### Task to carry out
The task calls for each line of the records below in which the word "height" appears.

### Material for the task
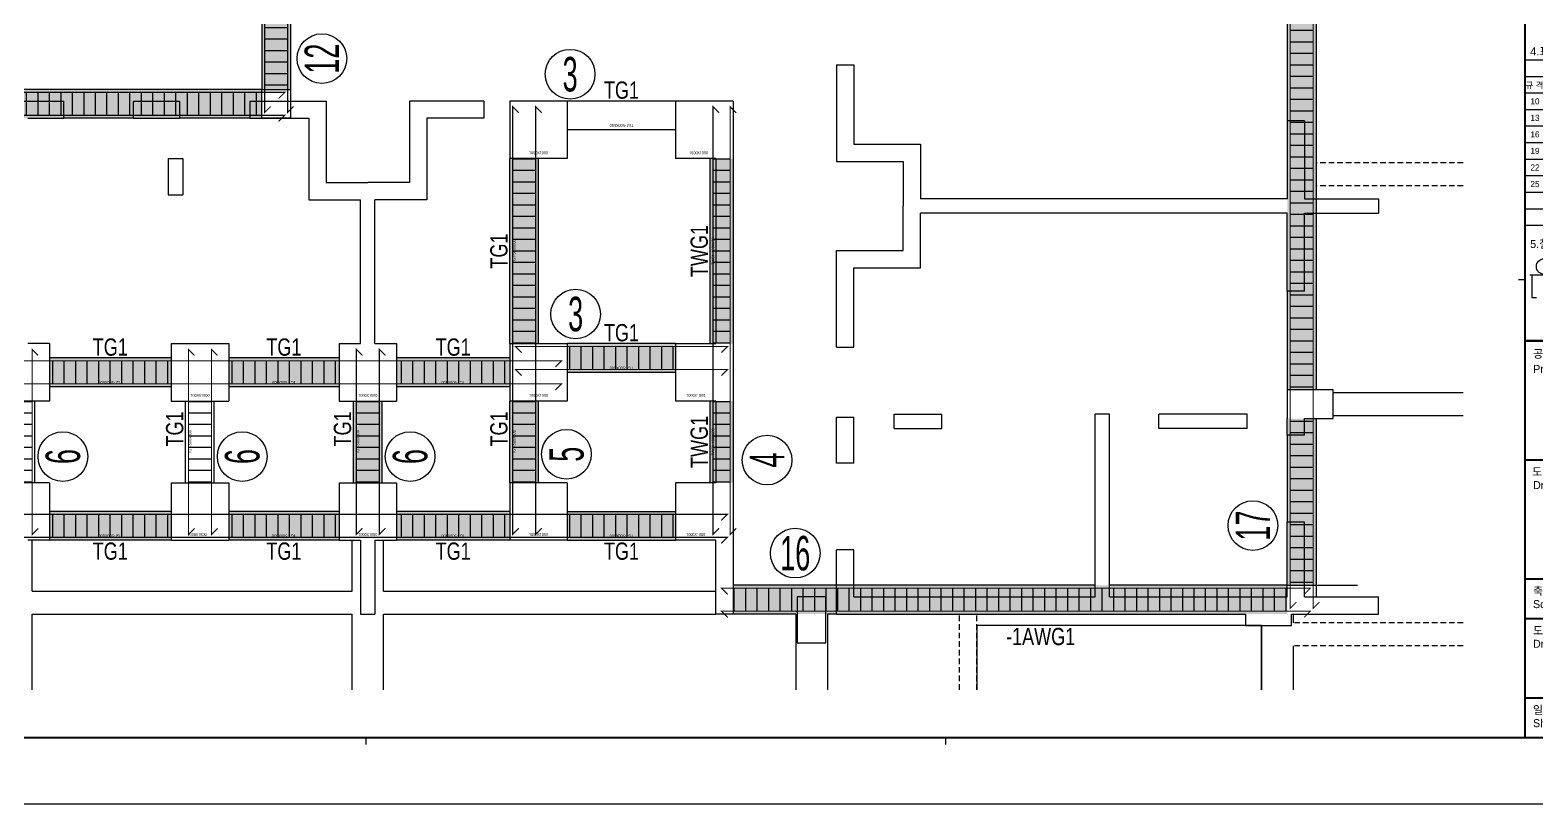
# Model space of a CAD drawing. Header units: millimetres. Extents: x 350420 to 672135, y -312840 to -44390.
# Drawn here: x 434471 to 460681, y -142862 to -129402 of the extents above; entities that cross this region are included whole.
import ezdxf
from ezdxf.enums import TextEntityAlignment as Align

# ---------------------------------------------------------------- set-up
doc = ezdxf.new("R2010")
doc.units = ezdxf.units.MM
doc.header["$LTSCALE"] = 65
doc.linetypes.add('XS-지하주차장$0$HID', pattern=[2.3, 1.5, -0.8])
for name, color, linetype in [('00', 7, 'Continuous'), ('AMAC-NO', 5, 'Continuous'), ('NAME-B', 6, 'Continuous'), ('XRBlock', 5, 'Continuous'), ('XRMemb', 7, 'Continuous'), ('XS-지하주차장$0$AWG', 5, 'XS-지하주차장$0$HID'), ('XS-지하주차장$0$B', 9, 'XS-지하주차장$0$HID'), ('XS-지하주차장$0$COL', 2, 'Continuous'), ('XS-지하주차장$0$DA', 7, 'XS-지하주차장$0$HID'), ('XS-지하주차장$0$G', 4, 'XS-지하주차장$0$HID'), ('XS-지하주차장$0$TG', 30, 'XS-지하주차장$0$HID'), ('XS-지하주차장$0$W1', 2, 'Continuous'), ('XS-지하주차장$0$W1-H', 11, 'XS-지하주차장$0$HID')]:
    doc.layers.add(name, color=color, linetype=linetype)
doc.layers.add('XS-지하주차장$0$DEFPOINT', color=144, linetype='Continuous', plot=False)
doc.styles.add('XRebarSheet', font='Hmkmrhd_0.ttf')
doc.styles.add('XS-지하주차장$0$맑은고딕', font='malgun.ttf')
doc.styles.add('돋음', font='Dotum.ttf')

# ---------------------------------------------------------------- blocks, each defined once
blk = doc.blocks.new('sdfhsdths')
at = {"layer": 'XS-지하주차장$0$W1'}
for p, q in [((8280, 8912.5), (8580, 8912.5)), ((8280, 8912.5), (8280, 7232.5)), ((8580, 8912.5), (8580, 7532.5)), ((-5915, 8282.5), (-5160, 8282.5)), ((-5160, 7982.5), (-5160, 8282.5)), ((-3950, 7982.5), (-3950, 8282.5)), ((-3950, 8282.5), (-3150, 8282.5)), ((-3150, 8282.5), (-3150, 7982.5)), ((-1930, 8282.5), (-1930, 7982.5)), ((-1930, 8282.5), (-600, 8282.5)), ((-600, 8282.5), (-600, 6862.5)), ((2145, 8282.5), (850, 8282.5)), ((850, 8282.5), (850, 6862.5)), ((2145, 8282.5), (2145, 7982.5)), ((3595, 8282.5), (2595, 8282.5)), ((2595, 8282.5), (2595, 7282.5)), ((3595, 8282.5), (3595, 7282.5)), ((6480, 8282.5), (5480, 8282.5)), ((5480, 8282.5), (5480, 7282.5)), ((6480, 8282.5), (6480, -642.5)), ((-5790, 7982.5), (-5160, 7982.5)), ((-3950, 7982.5), (-3150, 7982.5)), ((-1930, 7982.5), (-900, 7982.5)), ((-900, 7982.5), (-900, 6562.5)), ((2145, 7982.5), (1150, 7982.5)), ((1150, 7982.5), (1150, 6562.5)), ((16120, 7937.5), (16120, 6582.5)), ((16420, 7937.5), (16120, 7937.5)), ((16420, 7937.5), (16420, 6582.5)), ((8580, 7532.5), (9740, 7532.5)), ((9740, 7532.5), (9740, 6582.5)), ((-3345, 7282.5), (-3345, 6652.5)), ((-3345, 7282.5), (-3095, 7282.5)), ((-3095, 7282.5), (-3095, 6652.5)), ((3595, 7282.5), (2595, 7282.5)), ((6180, 7282.5), (5480, 7282.5)), ((6180, 7282.5), (6180, 4062.5)), ((8280, 7232.5), (9440, 7232.5)), ((9440, 7232.5), (9440, 6457.5)), ((-600, 6862.5), (125, 6862.5)), ((850, 6862.5), (125, 6862.5)), ((-3345, 6652.5), (-3095, 6652.5)), ((-900, 6562.5), (0, 6562.5)), ((0, 4062.5), (0, 6562.5)), ((1150, 6562.5), (250, 6562.5)), ((250, 4062.5), (250, 6562.5)), ((16120, 6582.5), (9740, 6582.5)), ((16420, 6582.5), (17705, 6582.5)), ((17705, 6582.5), (17705, 6332.5)), ((9440, 5682.5), (9440, 6457.5)), ((16120, 6332.5), (9740, 6332.5)), ((9740, 5382.5), (9740, 6332.5)), ((16120, 4977.5), (16120, 6332.5)), ((16420, 4977.5), (16420, 6332.5)), ((16420, 6332.5), (17705, 6332.5)), ((8280, 4002.5), (8280, 5682.5)), ((8280, 5682.5), (9440, 5682.5)), ((8580, 4002.5), (8580, 5382.5)), ((8580, 5382.5), (9740, 5382.5)), ((16420, 4977.5), (16120, 4977.5)), ((-5415, 4062.5), (-5790, 4062.5)), ((-5415, 4062.5), (-5415, 3062.5)), ((-3295, 4062.5), (-2295, 4062.5)), ((-3295, 4062.5), (-3295, 3062.5)), ((-2295, 4062.5), (-2295, 3062.5)), ((-375, 4062.5), (0, 4062.5)), ((-375, 4062.5), (-375, 3062.5)), ((250, 4062.5), (625, 4062.5)), ((625, 4062.5), (625, 3062.5)), ((2595, 4062.5), (3595, 4062.5)), ((2595, 4062.5), (2595, 3062.5)), ((3595, 4062.5), (3595, 3062.5)), ((5480, 4062.5), (6180, 4062.5)), ((5480, 4062.5), (5480, 3062.5)), ((8280, 4002.5), (8580, 4002.5)), ((-5415, 3062.5), (-6415, 3062.5)), ((-3295, 3062.5), (-2295, 3062.5)), ((-375, 3062.5), (625, 3062.5)), ((3595, 3062.5), (2595, 3062.5)), ((6180, 3062.5), (5480, 3062.5)), ((6180, 3062.5), (6180, 1642.5)), ((8280, 2782.5), (8580, 2782.5)), ((8280, 1982.5), (8280, 2782.5)), ((8580, 1982.5), (8580, 2782.5)), ((9280, 2837.5), (10110, 2837.5)), ((9280, 2587.5), (9280, 2837.5)), ((10110, 2587.5), (10110, 2837.5)), ((12775, -342.5), (12775, 2837.5)), ((13025, 2837.5), (12775, 2837.5)), ((13025, -342.5), (13025, 2837.5)), ((15420, 2837.5), (13885, 2837.5)), ((13885, 2587.5), (13885, 2837.5)), ((15420, 2587.5), (15420, 2837.5)), ((16120, 2467.5), (16120, 2757.5)), ((16420, 2467.5), (16420, 2757.5)), ((9280, 2587.5), (10110, 2587.5)), ((15420, 2587.5), (13885, 2587.5)), ((16420, 2467.5), (16120, 2467.5)), ((8580, 1982.5), (8280, 1982.5)), ((-5415, 1642.5), (-6415, 1642.5)), ((-5415, 1642.5), (-5415, 642.5)), ((-3295, 1642.5), (-2295, 1642.5)), ((-3295, 1642.5), (-3295, 642.5)), ((-2295, 1642.5), (-2295, 642.5)), ((-375, 1642.5), (625, 1642.5)), ((-375, 1642.5), (-375, 642.5)), ((625, 1642.5), (625, 642.5)), ((3595, 1642.5), (2595, 1642.5)), ((2595, 1642.5), (2595, 642.5)), ((3595, 1642.5), (3595, 642.5)), ((5480, 1642.5), (5480, 642.5)), ((6180, 1642.5), (5480, 1642.5)), ((16420, 957.5), (16120, 957.5)), ((16120, -342.5), (16120, 957.5)), ((16420, -342.5), (16420, 957.5)), ((-5415, 642.5), (-5790, 642.5)), ((-3295, 642.5), (-2295, 642.5)), ((-375, 642.5), (0, 642.5)), ((0, 642.5), (0, -642.5)), ((250, 642.5), (250, -642.5)), ((250, 642.5), (625, 642.5)), ((3595, 642.5), (2595, 642.5)), ((6180, 642.5), (5480, 642.5)), ((6180, -642.5), (6180, 642.5)), ((8580, 472.5), (8280, 472.5)), ((8280, -642.5), (8280, 472.5)), ((8580, -342.5), (8580, 472.5)), ((8580, -342.5), (12775, -342.5)), ((13025, -342.5), (16120, -342.5)), ((16420, -342.5), (17705, -342.5)), ((17705, -642.5), (17705, -342.5)), ((0, -642.5), (250, -642.5)), ((6480, -642.5), (6180, -642.5)), ((8280, -642.5), (15395, -642.5)), ((16195, -642.5), (17705, -642.5))]:
    blk.add_line(p, q, dxfattribs=at)
blk = doc.blocks.new('dhs_sheet2e')
at = {"color": 7, "ltscale": 2}
for p, q in [((73013.1, 22471.6), (81003.6, 22471.6)), ((73013.1, 21972.2), (81003.6, 21972.2)), ((73013.1, 21472.8), (75135.6, 21472.8)), ((73013.1, 17477.6), (81003.6, 17477.6))]:
    blk.add_line(p, q, dxfattribs=at)
at = {"color": 1, "ltscale": 2}
for p, q in [((73160.8, 15979.6), (73897.2, 15979.6)), ((73217.3, 15979.6), (73217.3, 15288.3)), ((73217.3, 15288.3), (73361.3, 15288.3))]:
    blk.add_line(p, q, dxfattribs=at)
at = {"color": 7}
for p, q in [((73013.1, 15831.2), (72813.3, 15831.2)), ((38004.8, 1997.6), (38004.8, 1797.9)), ((55508.9, 1997.6), (55508.9, 1797.9))]:
    blk.add_line(p, q, dxfattribs=at)
at = {"color": 30}
for p, q in [((73013.1, 6791.9), (81003.6, 6791.9)), ((73013.1, 5593.3), (81003.6, 5593.3)), ((73013.1, 3196.2), (81003.6, 3196.2))]:
    blk.add_line(p, q, dxfattribs=at)
at = {"color": 7}
blk.add_lwpolyline([(84000, 0), (84000, 59329.4), (0, 59329.4), (0, 0)], close=True, dxfattribs=at)
at = {"color": 30, "const_width": 64.9}
blk.add_lwpolyline([(81003.6, 57331.7), (2996.4, 57331.7), (2996.4, 1997.6), (81003.6, 1997.6)], close=True, dxfattribs=at)
for points in [[(73013.1, 1997.6), (73013.1, 57331.7)], [(73013.1, 13983.4), (81003.6, 13983.4)], [(73013.1, 10387.6), (81003.6, 10387.6)], [(73013.1, 6791.9), (81003.6, 6791.9)], [(73013.1, 5593.3), (81003.6, 5593.3)], [(73013.1, 3196.2), (81003.6, 3196.2)]]:
    blk.add_lwpolyline(points, dxfattribs=at)
at = {"color": 7, "linetype": 'Continuous'}
blk.add_circle((73588.4, 16228.7), 234.1, dxfattribs=at).dxf.unprotected_set("ltscale", 0)
at = {"color": 7, "style": 'XRebarSheet'}
for s, p in [('4.표준 갈고리', (73168.2, 22602.8)), ('5.철근(공통)', (73167, 16788))]:
    blk.add_text(s, height=242.71, dxfattribs=at).set_placement(p)
at = {"color": 3, "style": 'XRebarSheet'}
blk.add_text('규 격', height=184.85, dxfattribs=at).set_placement((73024.7, 21609.3))
at = {"color": 7, "style": 'XRebarSheet'}
for s, height, p in [('공사명', 241.63, (73259, 13591.6)), ('Project Title', 241.632, (73259, 13135.1)), ('도면명', 241.63, (73225, 10028.1)), ('Drawing Title', 241.632, (73252.8, 9628.5)), ('축척', 241.63, (73252.8, 6432.3)), ('Scale', 241.63, (73252.8, 6032.8)), ('도면번호', 241.63, (73252.8, 5233.8)), ('Drawing No.', 241.632, (73252.8, 4834.2)), ('일련번호', 241.63, (73252.8, 2836.6)), ('Sheet No.', 241.63, (73252.8, 2437.1))]:
    blk.add_text(s, height=height, dxfattribs=at).set_placement(p, align=Align.MIDDLE_LEFT)
blk = doc.blocks.new('DFHDHBSD')
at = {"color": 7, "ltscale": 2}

### Response to this exercise
    blk.add_text(s, height=242.71, dxfattribs=at).set_placement(p)
blk.add_text('규 격', height=184.85, dxfattribs=at).set_placement((73024.7, 21609.3))
for s, height, p in [('공사명', 241.63, (73259, 13591.6)), ('Project Title', 241.632, (73259, 13135.1)), ('도면명', 241.63, (73225, 10028.1)), ('Drawing Title', 241.632, (73252.8, 9628.5)), ('축척', 241.63, (73252.8, 6432.3)), ('Scale', 241.63, (73252.8, 6032.8)), ('도면번호', 241.63, (73252.8, 5233.8)), ('Drawing No.', 241.632, (73252.8, 4834.2)), ('일련번호', 241.63, (73252.8, 2836.6)), ('Sheet No.', 241.63, (73252.8, 2437.1))]:
    blk.add_text(s, height=height, dxfattribs=at).set_placement(p, align=Align.MIDDLE_LEFT)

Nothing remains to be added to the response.